MegaScience: Pushing the Frontiers of Post-Training Datasets for Science Reasoning
Run-Ze Fan, Zengzhi Wang, Pengfei Liu
2025-07-23
Summary
This paper talks about MegaScience, a set of large, high-quality datasets created to help AI models get better at scientific reasoning by using data from university textbooks and other trusted sources.
What's the problem?
The problem is that existing open-source datasets mainly focus on math and coding but lack the kind of scientific knowledge and reasoning data needed for AI to understand real science well.
What's the solution?
The authors developed two main datasets, TextbookReasoning with questions from 12,000 scientific textbooks, and MegaScience, a huge combined dataset of over 1.25 million examples. They also made a detailed evaluation system to measure how well AI models learn scientific subjects.

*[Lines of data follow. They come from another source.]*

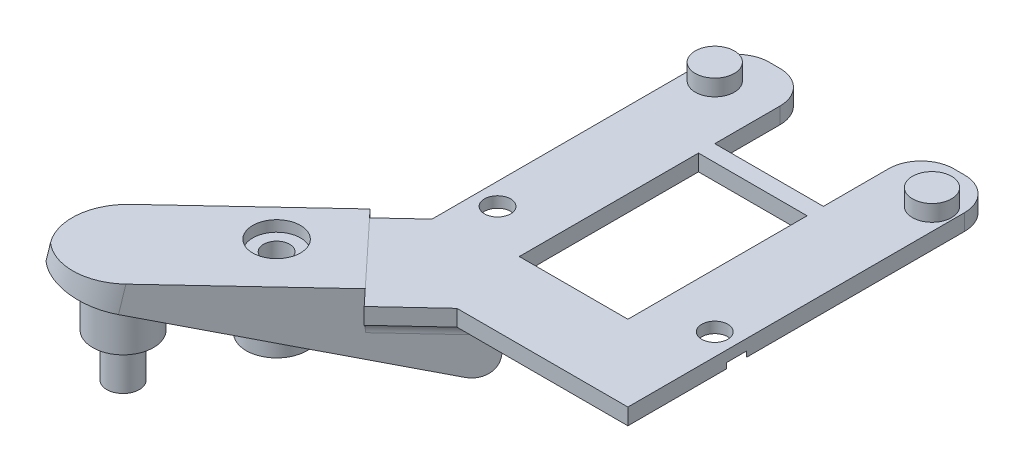
SolidWorks part; units mm, degrees
material "ABS"
ref_plane "Plan de face" through (0, 0, 0) normal (0, 0, 1) x (1, 0, 0)
ref_plane "Plan de dessus" through (0, 0, 0) normal (0, 1, 0) x (1, 0, 0)
ref_plane "Plan de droite" through (0, 0, 0) normal (1, 0, 0) x (0, 0, -1)
sketch "Esquisse1" plane through (0, 0, 0) normal (0, 1, 0) x (1, 0, 0)
  line L1 (-12, -19) -> (12, -19)
  line L2 (-12, -19) -> (-12, 19)
  line L3 (-12, 19) -> (12, 19)
  line L4 (12, -19) -> (12, 19)
  line L5 (-12, -19) -> (12, 19) construction
  line L6 (-12, 19) -> (12, -19) construction
  line L11 (-5, -12) -> (5, -12)
  line L12 (0, 2.75) -> (0, 0) construction
  line L13 (-5, -12) -> (-5, 17.5)
  line L14 (-5, 17.5) -> (5, 17.5)
  line L15 (5, -12) -> (5, 17.5)
  line L16 (-5, -12) -> (5, 17.5) construction
  line L17 (-5, 17.5) -> (5, -12) construction
  point P0 (0, 0)
  dimension "D1" = 24
  dimension "D2" = 38
  dimension "D3" = 1.5
  dimension "D4" = 7
  dimension "D5" = 7
extrude "Shape" add sketch "Esquisse1" along normal blind 1.5
sketch "Esquisse2" plane through (0, 1.5, 0) normal (0, 1, 0) x (1, 0, 0)
  line L0 (10, 19) -> (10, -19) construction
  line L1 (12, 19) -> (-12, 19) construction
  line L2 (-12, -19) -> (12, -19) construction
  line L3 (10, -19) -> (0, -19) construction
  circle A0 centre (10, -9) radius 1.2
  dimension "D2" = 2.4
  dimension "D3" = 10
extrude "VisHoles" cut sketch "Esquisse2" against normal blind 1.5
sketch "Esquisse3" plane through (0, 1.5, 0) normal (0, 1, 0) x (1, 0, 0)
  line L0 (12, 21) -> (-12, 21) construction
  line L1 (12, -19) -> (12, 19) construction
  line L2 (-12, 19) -> (-12, -19) construction
  line L3 (-12, -19) -> (12, -19) construction
  line L4 (0, 21) -> (0, -19) construction
  line L5 (10, -9) -> (10, 1) construction
  line L6 (0, 1) -> (10, 1) construction
  line L7 (10, 1) -> (10, 21) construction
  circle A0 centre (10, 11) radius 1.8
  line M6 (12, -19) -> (12, 19)
  dimension "D2" = 3.6
  dimension "D1" = 40
extrude "Lockers" add sketch "Esquisse3" along normal blind 1.5 contours A0 M6 region at (10, 1.5, -11)
sketch "Esquisse4" plane through (0, 0, 0) normal (0, 1, 0) x (1, 0, 0)
  circle A0 centre (10, -9) radius 2.2
  dimension "D1" = 4.4
extrude "ScrewHatRemover" cut sketch "Esquisse4" along normal blind 0.5
mirror "Symétrie1" about plane through (0, 0, 0) normal (1, 0, 0) of "ScrewHatRemover", "VisHoles", "Lockers"
sketch "Esquisse5" plane through (0, 1.5, 0) normal (0, 1, 0) x (1, 0, 0)
  line L0 (12, -19) -> (12, 19) construction
  line L9 (-12, 19) -> (12, 19)
  line L15 (-12, 19) -> (-12, 15)
  line L16 (-12, 15) -> (12, 15)
  line L17 (12, 19) -> (12, 15)
  dimension "D1" = 4
extrude "Enlèv. mat.-Extru.1" cut sketch "Esquisse5" against normal blind 10
sketch "Esquisse6" plane through (0, 1.5, 0) normal (0, 1, 0) x (1, 0, 0)
  line L0 (-5, 15) -> (-5, -12) construction
  line L1 (-5, 6) -> (5, 6)
  line L2 (-5, 6) -> (-5, 4.5)
  line L3 (-5, 4.5) -> (5, 4.5)
  line L4 (5, 6) -> (5, 4.5)
  line L5 (5, -12) -> (5, 15) construction
  circle A0 centre (-10, 11) radius 1.8 construction
  dimension "D1" = 1.5
  dimension "D2" = 5
extrude "Ribs" add sketch "Esquisse6" against normal up to surface (1.5 mm away) up to face at (0, 0, 3.1667)
fillet "Congé1" radius 3 4 edges at (-12, 0.75, -15) (-5, 0.75, -15) (5, 0.75, -15) (12, 0.75, -15)
sketch "Esquisse7" plane through (0, 1.5, 0) normal (0, 1, 0) x (1, 0, 0)
  line L0 (-12, -13.0327) -> (-14.9764, -15.8082)
  line L1 (-12, 12) -> (-12, -19) construction
  line L2 (-14.9764, -15.8082) -> (-8.1564, -23.1218)
  line L3 (-8.1564, -23.1218) -> (-3.7363, -19)
  line L4 (-3.7363, -19) -> (-12, -19)
  line L5 (-12, -19) -> (-12, -13.0327)
  line L6 (-12, -19) -> (12, -19) construction
  line M8 (-12, 12) -> (-12, -19)
  line M9 (-12, -19) -> (12, -19)
  dimension "D1" = 133
  dimension "D2" = 10
extrude "Angle" add sketch "Esquisse7" against normal up to surface (1.5 mm away) contours L2 L3 M9 | L0 L2 M8 region at (-12.9921, 1.5, 15.947) region at (-7.9642, 1.5, 20.3739) up to face at (0, 0, -3.0303)
sketch "Ref" plane through (0, 1.5, 0) normal (0, 1, 0) x (1, 0, 0)
  line L0 (-10, 11) -> (10, 11) construction
  line L1 (-11.5664, -19.465) -> (0, -8.6792) construction
  line L2 (-14.9764, -15.8082) -> (-8.1564, -23.1218) construction
  line L3 (0, -8.6792) -> (0, 11) construction
  line L4 (0, -8.6792) -> (16.5976, 6.7984) construction
  line L5 (0, 11) -> (9.8156, 0.474) construction
sketch3d "PlanSocle"
  line L0 (-11.5664, 1.5, 19.465) -> (0, 1.5, 8.6792) construction
sketch "Esquisse11" plane through (4.329, 0, 4.6423) normal (0.682, 0, 0.7314) x (0.7314, 0, -0.682)
  line L0 (7.502, 1.5) -> (7.502, -20.4) construction
  line L1 (7.502, -20.4) -> (7.502, -9.9) construction
  line L2 (7.502, -15.15) -> (-43.178, -15.15) construction
  line L3 (-43.178, -15.15) -> (-43.178, 0.1) construction
  line L4 (7.502, -9.9) -> (-43.178, 0.1) construction
  line L5 (-42.7135, 0.0083) -> (-13.281, -5.7992)
  line L6 (-13.281, -5.7992) -> (-11.8407, 1.5)
  line L7 (7.7488, 0) -> (11.8407, 0) construction
  line L8 (-42.7135, 0.0083) -> (-42.4231, 1.48)
  line L11 (-11.8407, 1.5) -> (-11.8407, 0)
  line L12 (-21.7342, 1.5) -> (-5.9192, 1.5) construction
  line L14 (-11.8407, 1.5) -> (-11.8407, 0) construction
  line L15 (-42.4231, 1.48) -> (-21.7342, 1.5)
  line L16 (-21.7342, 1.5) -> (-11.8407, 1.5)
  line L24 (30.4061, -15.15) -> (7.502, -15.15) construction
  dimension "D3" = 50.68
  dimension "D4" = 30
  dimension "D2" = 15.25
  dimension "D5" = 1.5
  dimension "D1" = 10.5
  dimension "D6" = 9.9
extrude "Socle" add sketch "Esquisse11" along normal blind 3 and the other way blind 4 contours L11 L6 L5 L8 | L16 L15 L8 L5 L6 region at (-13.4008, -1.0213, 21.1756)
sketch "Esquisse19" plane through (-0.5903, 0, 0.5505) normal (0, -1, 0) x (1, 0, 0.0095)
  line L0 (-6.3164, 11.4604) -> (-27.6497, 31.7376) construction
  line L1 (-7.424, 10.2952) -> (-2.6014, 15.369) construction
  line L2 (-28.7572, 30.5724) -> (-23.9347, 35.6462) construction
  line L3 (-23.9347, 35.6462) -> (-2.6014, 15.369) construction
  line L4 (0.4802, -11.5556) -> (-25.0335, 12.695) construction
  line L5 (-25.0335, 12.695) -> (-16.7662, 21.3929) construction
  line L6 (0.6678, 8.1227) -> (17.1171, -7.5123) construction
  line L7 (-16.7662, 21.3929) -> (8.7475, -2.8578) construction
  line L8 (0.4802, -11.5556) -> (10.3957, -1.1237) construction
  circle A0 centre (-16.7662, 21.3929) radius 1.2
  circle A1 centre (-24.0144, 28.2822) radius 1.5
  dimension "D2" = 2.4
  dimension "D3" = 10
  dimension "D5" = 3
  dimension "D1" = 12
  dimension "D4" = 35.2
extrude "ScrewHoles" cut sketch "Esquisse19" along normal through all and the other way blind 16 contours A0 | A0
extrude "ScrewPlot" add sketch "Esquisse19<3>" along normal blind 10 contours A1
sketch "Esquisse19<3>" plane through (-0.5903, 0, 0.5505) normal (0, -1, 0) x (1, 0, 0.0095) same geometry as "Esquisse19"
sketch "Esquisse20" plane through (1.601, 0, 1.7169) normal (-0.682, 0, -0.7314) x (-0.7314, 0, 0.682)
  line L0 (42.4231, 1.48) -> (42.7135, 0.0083)
  line L1 (42.7135, 0.0083) -> (18.6475, -4.7403)
  line L2 (42.7135, 0.0083) -> (13.281, -5.7992) construction
  line L3 (18.6475, -4.7403) -> (17.7122, 0)
  line L4 (17.6645, 0) -> (21.7342, 0) construction
  line L5 (17.7122, 0) -> (21.7342, 0)
  line L6 (21.7342, 0) -> (21.7342, 1.5)
  line L7 (21.7342, 1.5) -> (42.4231, 1.48)
  line L9 (12.1367, 0) -> (21.7342, 0) construction
extrude "ElargmentSurface" add sketch "Esquisse20" along normal blind 2
sketch "Esquisse26" plane through (0, 0, 0) normal (0, 1, 0) x (1, 0, 0)
  circle A0 centre (-17.5597, -21.7826) radius 2.8
  circle A1 centre (-24.8732, -28.6026) radius 2.8
  circle A2 centre (-17.5597, -21.7826) radius 1.2
  circle A3 centre (-17.5597, -21.7826) radius 1.2 construction
  dimension "D1" = 5.6
extrude "Flatten" add sketch "Esquisse26" against normal blind 6
sketch "Esquisse27" plane through (-0.0011, 1.521, 0.001) normal (-0.0007, 1, 0.0007) x (1, 0.0007, 0)
  circle A0 centre (-17.5586, -21.7816) radius 2.2
  dimension "D1" = 4.4
extrude "Enlèv. mat.-Extru.6" cut sketch "Esquisse27" against normal blind 1
fillet "Congé2" radius 5 3 edges at (-13.0589, -2.3701, 12.6528) (-24.7575, 0.7442, 35.8679) (-30.8955, 0.7442, 29.2857)
fillet "Congé3" radius 2 5 edges at (-6.0108, 0, 18.3863) (-9.314, 0, 11.8953) (-4.8882, 0, 12.5539) (-5.7251, -5.7992, 13.3342) (-10.0745, -5.2697, 12.6045)
equation "\"entretoiseBearing\"= 1.5mm"
equation "\"length_tibia\"= 206mm"
equation "\"length_femur\"= 117mm"
equation "\"length_coxa\"= 27mm"
equation "\"height\"= 40mm"
equation "\"width\"= 100mm"
equation "\"lever\"= 40mm"
equation "\"errorFlat\"= 0.20mm"
equation "\"errorFlat_tight\"= 0.15mm"
equation "\"errorCircle\"= 0.40mm"
equation "\"errorCircle_tight\" = 0.30mm"
equation "\"cuticule\"=1.5mm"
equation "\"cuticule_attach_w\"=10mm"
equation "\"cuticule_attach_h\"=2.5mm"
equation "\"depthMagnet\"= 1mm"
equation "\"insert_d\" = 3.2mm"
equation "\"insert_l\" = 5mm"
equation "\"D2@Esquisse2\"= 2.00mm + \"errorCircle\""
equation "\"D2@Esquisse3\"= 4 - \"errorCircle\""
equation "\"D1@Esquisse4\"=4 + \"errorCircle\""
equation "\"D5@Esquisse11\"= \"cuticule\""
equation "\"D2@Esquisse19\"= 2 + \"errorCircle\""
equation "\"D1@Esquisse26\"= 6 - \"errorCircle\""

Their datasets helped AI models outperform existing ones in science reasoning tasks.
Why it matters?
This matters because improving scientific reasoning in AI can help AI scientists support real researchers, make discoveries faster, and assist education, pushing forward what AI can do in science and technology.
Abstract
TextbookReasoning and MegaScience datasets, along with a comprehensive evaluation system, enhance scientific reasoning in AI by providing high-quality, verifiable data and outperforming existing models.